Regression adjustment in completely randomized experiments with a diverging number of covariates

Randomized experiments have become important tools in empirical research. In a completely randomized treatment-control experiment, the simple difference in means of the outcome is unbiased for the average treatment effect, and covariate adjustment can further improve the efficiency without assuming a correctly specified outcome model. In modern applications, experimenters often have access to many covariates, motivating the need for a theory of covariate adjustment under the asymptotic regime with a diverging number of covariates. We study the asymptotic properties of covariate adjustment under the potential outcomes model and propose a bias-corrected estimator that is consistent and asymptotically normal under weaker conditions. Our theory is based purely on randomization without imposing any parametric outcome model assumptions.
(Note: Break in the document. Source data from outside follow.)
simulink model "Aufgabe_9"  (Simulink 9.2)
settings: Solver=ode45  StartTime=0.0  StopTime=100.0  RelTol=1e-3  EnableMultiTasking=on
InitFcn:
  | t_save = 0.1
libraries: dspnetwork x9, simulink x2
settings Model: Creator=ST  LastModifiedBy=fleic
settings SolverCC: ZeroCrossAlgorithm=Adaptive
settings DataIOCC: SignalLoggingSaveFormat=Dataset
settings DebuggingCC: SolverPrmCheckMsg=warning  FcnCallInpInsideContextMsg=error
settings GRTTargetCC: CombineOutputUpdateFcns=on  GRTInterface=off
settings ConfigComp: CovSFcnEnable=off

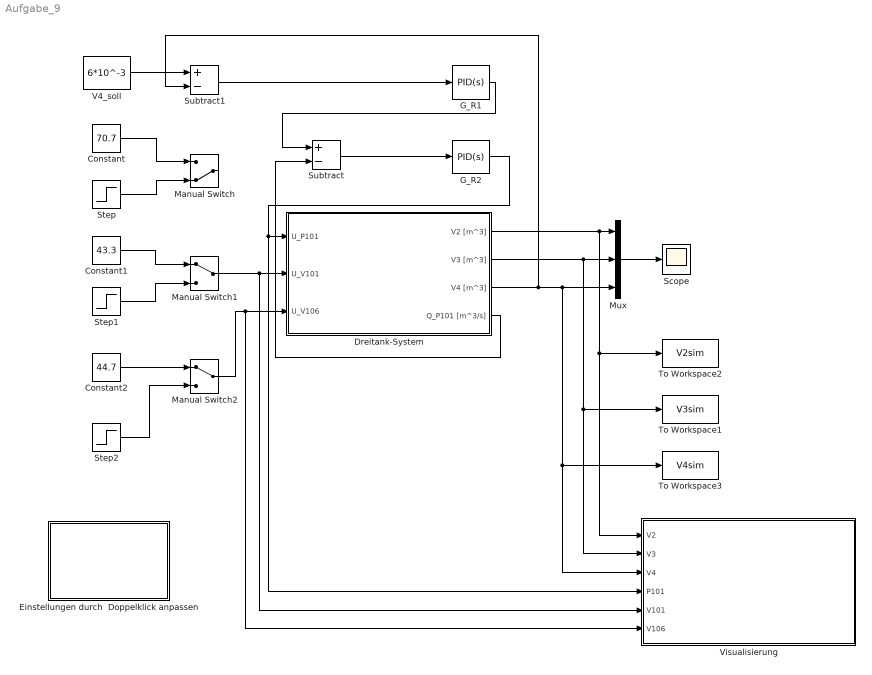
== system Aufgabe_9 ==
  Constant : Constant  Value=70.7
  Constant1 : Constant  Value=43.3
  Constant2 : Constant  Value=44.7
  Dreitank-System : Subsystem  mask{B101_Volumen=80*10^-3, B102_Initial_Volumen=8*10^-3, B103_Initial_Volumen=6*10^-3, B104_Initial_Volumen=5*10^-3, Querschnitt_Rohr_B102_B103=600*10^-6, Querschnitt_Rohr_B103_B104=600*10^-6, Flaeche_Behaelter=0.029}
      mask prompts: B101_Volumen "Volumen im Behälter B101 in m^3"; B102_Initial_Volumen "Initialvolumen im Behälter B102 in m^3"; B103_Initial_Volumen "Initialvolumen im Behälter B103 in m^3"; B104_Initial_Volumen "Initialvolumen im Behälter B104 in m^3"; Querschnitt_Rohr_B102_B103 "Rohrquerschnitt zwischen Behälter B102 und B103 in m^2"; Querschnitt_Rohr_B103_B104 "Rohrquerschnitt zwischen Behälter B103 und B104 in m^2"; Flaeche_Behaelter "Fläche der Behälter in m^2"
  Einstellungen durch  Doppelklick anpassen : MATLAB Function  InitFcn=tic  TreatAsAtomicUnit=on  mask{Auswahl=Bearbeiten}
      mask init:
      | maskStr = get_param(gcb,'Auswahl');
      | 
      | if strcmp(maskStr(1),'I')
      |      assignin('base','Testen',0)
      | else if strcmp(maskStr(1),'M')
      |         assignin('base','Testen',1)
      |     else
      |         assignin('base','Testen',2)
      |     end
      | end
  G_R1 : simulink/Continuous/PID Controller  Controller=PID  Form=Parallel  TimeDomain=Continuous-time  SampleTime=-1  IntegratorMethod=Forward Euler  FilterMethod=Forward Euler  ControllerParametersSource=internal  P=60  I=1  D=0  UseFilter=on  N=100  TunerSelectOption=Transfer Function Based (PID Tuner App)  InitialConditionSource=internal  InitialConditionForIntegrator=0  InitialConditionForFilter=0  DifferentiatorICPrevScaledInput=0  ExternalReset=none  TrackingMode=off  Kt=1  LimitOutput=off  UpperSaturationLimit=inf  LowerSaturationLimit=-inf  LinearizeAsGain=on  AntiWindupMode=none  Kb=1  POutMin=[]  POutMax=[]  IOutMin=[]  IOutMax=[]  DOutMin=[]  DOutMax=[]  NOutMin=[]  NOutMax=[]  SumOutMin=[]  SumOutMax=[]  SaturationOutMin=[]  SaturationOutMax=[]  PParamMin=[]  PParamMax=[]  IParamMin=[]  IParamMax=[]  DParamMin=[]  DParamMax=[]  NParamMin=[]  NParamMax=[]  KbParamMin=[]  KbParamMax=[]  KtParamMin=[]  KtParamMax=[]  KbOutMin=[]  KbOutMax=[]  KtOutMin=[]  KtOutMax=[]  IntegratorOutMin=[]  IntegratorOutMax=[]  FilterOutMin=[]  FilterOutMax=[]  SumI1OutMin=[]  SumI1OutMax=[]  SumI2OutMin=[]  SumI2OutMax=[]  SumI3OutMin=[]  SumI3OutMax=[]  SumI4OutMin=[]  SumI4OutMax=[]  SumDOutMin=[]  SumDOutMax=[]  DifferentiatorOutMin=[]  DifferentiatorOutMax=[]  FilterDiffOutCoefMin=[]  FilterDiffOutCoefMax=[]  ReciprocalOutMin=[]  ReciprocalOutMax=[]  SumDenOutMin=[]  SumDenOutMax=[]  SumNumOutMin=[]  SumNumOutMax=[]  DivideOutMin=[]  DivideOutMax=[]  IntegratorContinuousStateAttributes=''  IntegratorStateMustResolveToSignalObject=off  IntegratorRTWStateStorageClass=Auto  FilterContinuousStateAttributes=''  FilterStateMustResolveToSignalObject=off  FilterRTWStateStorageClass=Auto  ParallelPVariant=InternalParameters  IdealPVariant=Disabled  IVariant=InternalParameters  DVariant=InternalParameters  IntegratorVariant=Continuous  SatVariant=Disabled  AWVariant=Passthrough  PCopyVariant=Disabled  TRVariant=Disabled  FdbkBlocksVariant=Forward  IdealPFdbkVariant=Disabled  SatFdbkVariant=Disabled  DerivativeFilterVariant=ContFilter  NVariant=InternalParameters  NCopyVariant=Disabled  FilterICVariant=InternalICsFilter  IntegratorICVariant=InternalICs  ExternalResetVariant=Disabled  TRSumVariant=Passthrough  SumFdbkVariant=Disabled  SumVariant=Sum_PID
  "G_R2 " : simulink/Continuous/PID Controller  Controller=PID  Form=Parallel  TimeDomain=Continuous-time  SampleTime=-1  IntegratorMethod=Forward Euler  FilterMethod=Forward Euler  ControllerParametersSource=internal  P=469*50  I=469  D=0  UseFilter=on  N=100  TunerSelectOption=Transfer Function Based (PID Tuner App)  InitialConditionSource=internal  InitialConditionForIntegrator=0  InitialConditionForFilter=0  DifferentiatorICPrevScaledInput=0  ExternalReset=none  TrackingMode=off  Kt=1  LimitOutput=off  UpperSaturationLimit=inf  LowerSaturationLimit=-inf  LinearizeAsGain=on  AntiWindupMode=none  Kb=1  POutMin=[]  POutMax=[]  IOutMin=[]  IOutMax=[]  DOutMin=[]  DOutMax=[]  NOutMin=[]  NOutMax=[]  SumOutMin=[]  SumOutMax=[]  SaturationOutMin=[]  SaturationOutMax=[]  PParamMin=[]  PParamMax=[]  IParamMin=[]  IParamMax=[]  DParamMin=[]  DParamMax=[]  NParamMin=[]  NParamMax=[]  KbParamMin=[]  KbParamMax=[]  KtParamMin=[]  KtParamMax=[]  KbOutMin=[]  KbOutMax=[]  KtOutMin=[]  KtOutMax=[]  IntegratorOutMin=[]  IntegratorOutMax=[]  FilterOutMin=[]  FilterOutMax=[]  SumI1OutMin=[]  SumI1OutMax=[]  SumI2OutMin=[]  SumI2OutMax=[]  SumI3OutMin=[]  SumI3OutMax=[]  SumI4OutMin=[]  SumI4OutMax=[]  SumDOutMin=[]  SumDOutMax=[]  DifferentiatorOutMin=[]  DifferentiatorOutMax=[]  FilterDiffOutCoefMin=[]  FilterDiffOutCoefMax=[]  ReciprocalOutMin=[]  ReciprocalOutMax=[]  SumDenOutMin=[]  SumDenOutMax=[]  SumNumOutMin=[]  SumNumOutMax=[]  DivideOutMin=[]  DivideOutMax=[]  IntegratorContinuousStateAttributes=''  IntegratorStateMustResolveToSignalObject=off  IntegratorRTWStateStorageClass=Auto  FilterContinuousStateAttributes=''  FilterStateMustResolveToSignalObject=off  FilterRTWStateStorageClass=Auto  ParallelPVariant=InternalParameters  IdealPVariant=Disabled  IVariant=InternalParameters  DVariant=InternalParameters  IntegratorVariant=Continuous  SatVariant=Disabled  AWVariant=Passthrough  PCopyVariant=Disabled  TRVariant=Disabled  FdbkBlocksVariant=Forward  IdealPFdbkVariant=Disabled  SatFdbkVariant=Disabled  DerivativeFilterVariant=ContFilter  NVariant=InternalParameters  NCopyVariant=Disabled  FilterICVariant=InternalICsFilter  IntegratorICVariant=InternalICs  ExternalResetVariant=Disabled  TRSumVariant=Passthrough  SumFdbkVariant=Disabled  SumVariant=Sum_PID
  Manual Switch : ManualSwitch  CurrentSetting=0
  Manual Switch1 : ManualSwitch
  Manual Switch2 : ManualSwitch
  Mux : Mux  Inputs=3
  Scope : Scope
  Step : Step  Before=70.7  After=80.7  SampleTime=0
  Step1 : Step  Before=43.3  After=53.3  SampleTime=0
  Step2 : Step  Before=44.7  After=54.7  SampleTime=0
  Subtract : Sum  Inputs=+-
  Subtract1 : Sum  Inputs=+-
  To Workspace1 : ToWorkspace  VariableName=V3sim  SampleTime=t_save
  To Workspace2 : ToWorkspace  VariableName=V2sim  SampleTime=t_save
  To Workspace3 : ToWorkspace  VariableName=V4sim  SampleTime=t_save
  "V4_soll " : Constant  Value=6*10^-3
  Visualisierung : Subsystem
      settings: OpenFcn=|
      | !Dreitank_Visualisierung_64bit\Dreitank.blend.exe
      | !Dreitank_Visualisierung_32bit\Dreitank.blend.exe
  wires:
  Dreitank-System/1(V2 [m^3]) -> Visualisierung/1(V2), To Workspace2/1, Mux/1
  Dreitank-System/2(V3 [m^3]) -> Visualisierung/2(V3), To Workspace1/1, Mux/2
  Dreitank-System/3(V4 [m^3]) -> Subtract1/2, Visualisierung/3(V4), To Workspace3/1, Mux/3
  Mux/1 -> Scope/1
  Constant/1 -> Manual Switch/1
  Step/1 -> Manual Switch/2
  Manual Switch1/1 -> Dreitank-System/2("U_V101 "), Visualisierung/5(V101)
  Constant1/1 -> Manual Switch1/1
  Step1/1 -> Manual Switch1/2
  Constant2/1 -> Manual Switch2/1
  Step2/1 -> Manual Switch2/2
  Manual Switch2/1 -> Visualisierung/6(V106), Dreitank-System/3(U_V106)
  Dreitank-System/4(Q_P101 [m^3/s]) -> Subtract/2
  Subtract/1 -> "G_R2 "/1
  "G_R2 "/1 -> Visualisierung/4(P101), Dreitank-System/1(U_P101)
  "V4_soll "/1 -> Subtract1/1
  Subtract1/1 -> G_R1/1
  G_R1/1 -> Subtract/1

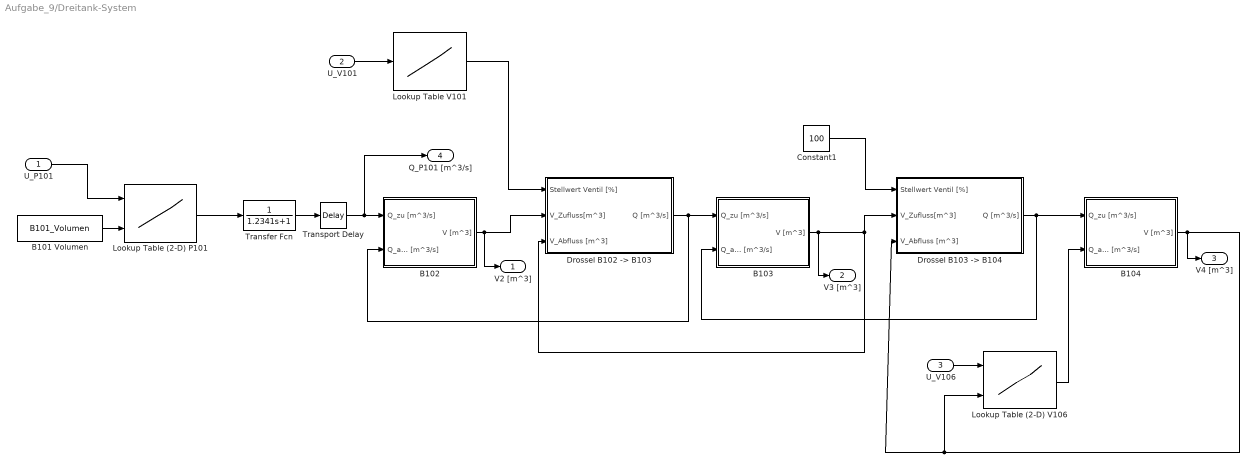
== system Aufgabe_9/Dreitank-System ==
  U_P101 : Inport
  "U_V101 " : Inport  Port=2
  U_V106 : Inport  Port=3
  B101 Volumen : Constant  Value=B101_Volumen  OutDataTypeStr=double
  B102 : Subsystem  mask{Initial_Volumen=B102_Initial_Volumen}
      mask prompts: Initial_Volumen "Initialvolumen"
  B103 : Subsystem  mask{Initial_Volumen=B103_Initial_Volumen}
      mask prompts: Initial_Volumen "Initialvolumen"
  B104 : Subsystem  mask{Initial_Volumen=B104_Initial_Volumen}
      mask prompts: Initial_Volumen "Initialvolumen"
  Constant1 : Constant  Value=100
  "Drossel B102 -> B103" : Subsystem  mask{Querschnitt_Rohr=Querschnitt_Rohr_B102_B103, Flaeche_Behaelter=Flaeche_Behaelter}
      mask prompts: Querschnitt_Rohr "Querschnitt des Rohrs in m^2"; Flaeche_Behaelter "Flaeche_Behaelter in m^2"
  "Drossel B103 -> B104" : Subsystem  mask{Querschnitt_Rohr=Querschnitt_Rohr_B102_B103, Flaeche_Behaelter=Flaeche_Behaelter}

To prove the theoretical results, we develop novel vector and matrix concentration inequalities for sampling without replacement.

Automated summary

Randomized experiments are important in empirical research. Covariate adjustment improves efficiency without assuming a correctly specified outcome model in modern applications. The study of covariate adjustment under the potential outcomes model proposes a bias-corrected estimator that is consistent and asymptotically normal under weaker conditions, based purely on randomization without any parametric outcome model assumptions. To prove the theoretical results, novel vector and matrix concentration inequalities for sampling without replacement are developed.